Canadian Solar Inc., together with its auxiliaries, designs, develops, manufactures, and sells solar wafers, cells, and solar power products worldwide. The company operates in two segments, Module and Energy.
Finally, Expedia Inc (NASDAQ:EXPE), ended its last trade with 2.28% gain, and closed at $115.94.
Travel analysts at Expedia.com, one of the world’s largest full-service online travel sites, examined savings to popular “shoulder season” destinations such as the Caribbean, Mexico and Hawaii. On average, U.S. travelers can save 13% on travel to Hawaii, 12% on travel to Mexico and 11% on travel to the Caribbean this fall. Shoulder season is the period between off-season and high-season, when good deals and good weather often meet.

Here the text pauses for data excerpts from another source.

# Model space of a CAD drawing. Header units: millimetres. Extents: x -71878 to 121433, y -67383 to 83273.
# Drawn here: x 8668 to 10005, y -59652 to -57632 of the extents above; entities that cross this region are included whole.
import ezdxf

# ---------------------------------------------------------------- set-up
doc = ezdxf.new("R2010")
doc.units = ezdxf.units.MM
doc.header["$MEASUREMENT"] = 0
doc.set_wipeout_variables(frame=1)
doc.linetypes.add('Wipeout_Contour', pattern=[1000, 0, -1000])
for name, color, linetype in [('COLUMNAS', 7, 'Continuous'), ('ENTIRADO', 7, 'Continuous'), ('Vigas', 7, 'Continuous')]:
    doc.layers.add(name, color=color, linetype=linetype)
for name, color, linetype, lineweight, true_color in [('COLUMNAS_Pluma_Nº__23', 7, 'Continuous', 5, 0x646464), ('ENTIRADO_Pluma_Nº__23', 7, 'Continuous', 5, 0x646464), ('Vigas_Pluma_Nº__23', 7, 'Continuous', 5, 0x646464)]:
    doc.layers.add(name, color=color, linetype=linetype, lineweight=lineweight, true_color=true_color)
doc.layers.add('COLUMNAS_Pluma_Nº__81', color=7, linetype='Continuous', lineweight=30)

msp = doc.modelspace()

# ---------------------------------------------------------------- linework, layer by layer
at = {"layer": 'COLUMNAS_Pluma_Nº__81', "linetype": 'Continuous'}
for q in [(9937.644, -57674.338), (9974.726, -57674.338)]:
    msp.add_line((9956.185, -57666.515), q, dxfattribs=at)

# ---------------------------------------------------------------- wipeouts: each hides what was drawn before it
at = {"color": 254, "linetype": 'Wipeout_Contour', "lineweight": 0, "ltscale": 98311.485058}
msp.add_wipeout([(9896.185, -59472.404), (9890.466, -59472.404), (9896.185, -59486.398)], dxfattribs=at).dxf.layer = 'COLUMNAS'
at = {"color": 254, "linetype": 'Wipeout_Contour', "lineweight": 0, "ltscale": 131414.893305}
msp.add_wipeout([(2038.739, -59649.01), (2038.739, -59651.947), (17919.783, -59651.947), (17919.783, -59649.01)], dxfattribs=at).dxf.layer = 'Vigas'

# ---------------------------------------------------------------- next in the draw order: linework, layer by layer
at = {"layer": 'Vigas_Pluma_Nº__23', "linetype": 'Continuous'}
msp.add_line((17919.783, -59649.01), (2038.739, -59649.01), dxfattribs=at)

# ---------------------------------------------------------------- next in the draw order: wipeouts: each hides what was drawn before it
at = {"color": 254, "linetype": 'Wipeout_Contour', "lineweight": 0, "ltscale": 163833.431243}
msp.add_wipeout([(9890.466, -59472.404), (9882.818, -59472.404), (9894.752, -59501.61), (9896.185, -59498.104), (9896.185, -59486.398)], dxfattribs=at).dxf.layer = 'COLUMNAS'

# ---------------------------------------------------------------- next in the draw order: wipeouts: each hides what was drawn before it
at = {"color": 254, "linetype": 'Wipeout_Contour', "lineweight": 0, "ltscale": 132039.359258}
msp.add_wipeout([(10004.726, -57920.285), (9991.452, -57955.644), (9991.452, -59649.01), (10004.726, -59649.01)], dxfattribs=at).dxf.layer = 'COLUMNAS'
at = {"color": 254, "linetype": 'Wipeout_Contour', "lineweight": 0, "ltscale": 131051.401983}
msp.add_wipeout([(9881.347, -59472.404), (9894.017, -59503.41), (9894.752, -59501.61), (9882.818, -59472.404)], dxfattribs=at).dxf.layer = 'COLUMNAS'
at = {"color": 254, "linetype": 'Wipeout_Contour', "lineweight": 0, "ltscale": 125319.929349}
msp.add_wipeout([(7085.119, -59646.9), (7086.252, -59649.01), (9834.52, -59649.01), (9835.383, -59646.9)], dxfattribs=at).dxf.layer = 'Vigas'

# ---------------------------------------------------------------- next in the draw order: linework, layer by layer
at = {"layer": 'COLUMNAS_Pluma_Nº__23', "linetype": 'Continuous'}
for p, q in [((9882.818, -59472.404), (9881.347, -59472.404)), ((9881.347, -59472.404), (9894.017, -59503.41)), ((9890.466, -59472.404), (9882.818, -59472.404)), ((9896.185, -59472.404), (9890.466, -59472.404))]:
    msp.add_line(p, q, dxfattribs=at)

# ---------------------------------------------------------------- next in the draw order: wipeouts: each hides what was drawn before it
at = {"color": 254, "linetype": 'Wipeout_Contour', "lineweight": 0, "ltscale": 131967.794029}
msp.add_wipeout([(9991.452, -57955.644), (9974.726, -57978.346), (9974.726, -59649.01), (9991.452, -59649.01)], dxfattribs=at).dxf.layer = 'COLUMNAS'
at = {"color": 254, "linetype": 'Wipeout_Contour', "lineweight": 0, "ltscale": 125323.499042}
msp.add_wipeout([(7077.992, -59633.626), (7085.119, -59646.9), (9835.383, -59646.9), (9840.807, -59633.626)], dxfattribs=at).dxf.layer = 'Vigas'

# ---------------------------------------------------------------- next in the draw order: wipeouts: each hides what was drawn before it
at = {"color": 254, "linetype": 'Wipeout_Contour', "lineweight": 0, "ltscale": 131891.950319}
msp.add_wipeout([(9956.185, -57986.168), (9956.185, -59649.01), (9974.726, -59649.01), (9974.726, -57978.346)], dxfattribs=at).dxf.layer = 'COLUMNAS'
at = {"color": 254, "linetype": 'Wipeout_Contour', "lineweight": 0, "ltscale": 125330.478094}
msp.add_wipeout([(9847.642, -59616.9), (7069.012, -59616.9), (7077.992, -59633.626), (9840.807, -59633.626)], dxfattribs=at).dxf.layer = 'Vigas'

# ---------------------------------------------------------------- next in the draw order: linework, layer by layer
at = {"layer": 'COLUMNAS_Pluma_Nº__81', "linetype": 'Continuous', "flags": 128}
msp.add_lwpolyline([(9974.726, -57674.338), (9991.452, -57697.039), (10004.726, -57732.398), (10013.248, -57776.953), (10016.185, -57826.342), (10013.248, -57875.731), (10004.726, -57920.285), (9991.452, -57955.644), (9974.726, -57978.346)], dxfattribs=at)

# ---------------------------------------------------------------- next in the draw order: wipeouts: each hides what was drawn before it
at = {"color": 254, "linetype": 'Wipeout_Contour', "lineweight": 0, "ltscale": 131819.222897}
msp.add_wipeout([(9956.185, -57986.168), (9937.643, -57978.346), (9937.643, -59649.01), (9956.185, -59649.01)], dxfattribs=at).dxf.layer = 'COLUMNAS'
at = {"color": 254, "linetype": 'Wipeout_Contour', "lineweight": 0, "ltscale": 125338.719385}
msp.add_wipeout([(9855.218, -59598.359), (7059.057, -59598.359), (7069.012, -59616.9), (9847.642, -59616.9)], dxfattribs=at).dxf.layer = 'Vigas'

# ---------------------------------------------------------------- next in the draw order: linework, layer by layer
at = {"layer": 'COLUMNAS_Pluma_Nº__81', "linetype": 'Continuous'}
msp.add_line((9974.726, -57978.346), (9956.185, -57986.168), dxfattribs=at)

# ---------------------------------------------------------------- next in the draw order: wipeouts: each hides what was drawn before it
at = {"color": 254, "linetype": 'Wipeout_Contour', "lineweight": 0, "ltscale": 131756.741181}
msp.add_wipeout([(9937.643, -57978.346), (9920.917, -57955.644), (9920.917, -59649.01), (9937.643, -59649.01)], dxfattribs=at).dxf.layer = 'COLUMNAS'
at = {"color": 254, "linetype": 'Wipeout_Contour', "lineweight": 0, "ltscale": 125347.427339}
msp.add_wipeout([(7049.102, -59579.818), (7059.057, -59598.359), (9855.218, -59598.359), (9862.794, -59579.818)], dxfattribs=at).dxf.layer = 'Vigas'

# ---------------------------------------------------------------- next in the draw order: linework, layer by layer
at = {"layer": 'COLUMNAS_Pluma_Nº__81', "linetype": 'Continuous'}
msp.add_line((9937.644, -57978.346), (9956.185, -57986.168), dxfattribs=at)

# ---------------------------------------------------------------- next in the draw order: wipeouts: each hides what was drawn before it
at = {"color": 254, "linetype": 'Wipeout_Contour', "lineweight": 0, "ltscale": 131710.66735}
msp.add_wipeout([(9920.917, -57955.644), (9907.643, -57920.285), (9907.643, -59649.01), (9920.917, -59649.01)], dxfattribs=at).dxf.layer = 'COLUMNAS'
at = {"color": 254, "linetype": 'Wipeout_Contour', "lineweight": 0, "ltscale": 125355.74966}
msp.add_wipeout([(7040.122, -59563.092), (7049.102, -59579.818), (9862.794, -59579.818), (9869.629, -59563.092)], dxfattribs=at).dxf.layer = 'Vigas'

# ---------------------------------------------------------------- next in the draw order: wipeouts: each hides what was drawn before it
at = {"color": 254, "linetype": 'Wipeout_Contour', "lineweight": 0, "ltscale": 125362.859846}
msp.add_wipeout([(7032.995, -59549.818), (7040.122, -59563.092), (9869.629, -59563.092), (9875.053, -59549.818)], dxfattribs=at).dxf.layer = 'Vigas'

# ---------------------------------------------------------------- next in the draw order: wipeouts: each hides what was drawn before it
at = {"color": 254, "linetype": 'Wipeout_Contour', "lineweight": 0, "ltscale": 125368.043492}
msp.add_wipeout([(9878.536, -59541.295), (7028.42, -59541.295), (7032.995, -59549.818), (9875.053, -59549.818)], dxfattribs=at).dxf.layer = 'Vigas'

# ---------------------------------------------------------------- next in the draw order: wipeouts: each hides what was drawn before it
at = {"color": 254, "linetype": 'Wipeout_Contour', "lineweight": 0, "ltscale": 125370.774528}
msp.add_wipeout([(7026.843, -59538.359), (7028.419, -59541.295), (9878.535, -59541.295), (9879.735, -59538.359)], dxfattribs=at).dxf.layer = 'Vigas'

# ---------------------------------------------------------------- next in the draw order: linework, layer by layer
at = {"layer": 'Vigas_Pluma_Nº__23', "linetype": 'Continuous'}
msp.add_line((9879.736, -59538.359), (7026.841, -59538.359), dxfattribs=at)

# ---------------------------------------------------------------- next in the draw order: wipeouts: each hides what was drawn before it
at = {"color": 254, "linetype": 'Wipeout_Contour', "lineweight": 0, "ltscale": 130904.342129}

Focusing on the top ten origin markets in the United States, counting New York, Chicago, Los Angeles and Houston, the team analyzed differences in airline average ticket prices and hotel average daily rates in this forthcoming shoulder season (September 1 – October 31, 2015) as compared to the summer high season (June 1 – August 31, 2015) to Miami, Hawaii, Mexico and the Caribbean.
Expedia, Inc., together with its auxiliaries, operates as an online travel company in the United States and internationally. The company operates in two segments, Leisure and Egencia. It provides travel products and services to leisure and corporate travelers, offline retail travel agents, and travel service providers through a portfolio of brands, counting Expedia.com, Hotels.com, Hotwire.com, Classic Vacations, Travelocity, Expedia Local Expert, Egencia, Expedia CruiseShipCenters, eLong, and Venere.com, in addition to trivago, CarRentals.com, Wotif.com, lastminute.com.au, travel.com.au, Asia Web Direct, LateStays.com, GoDo.com.au, and Arnold Travel Technology.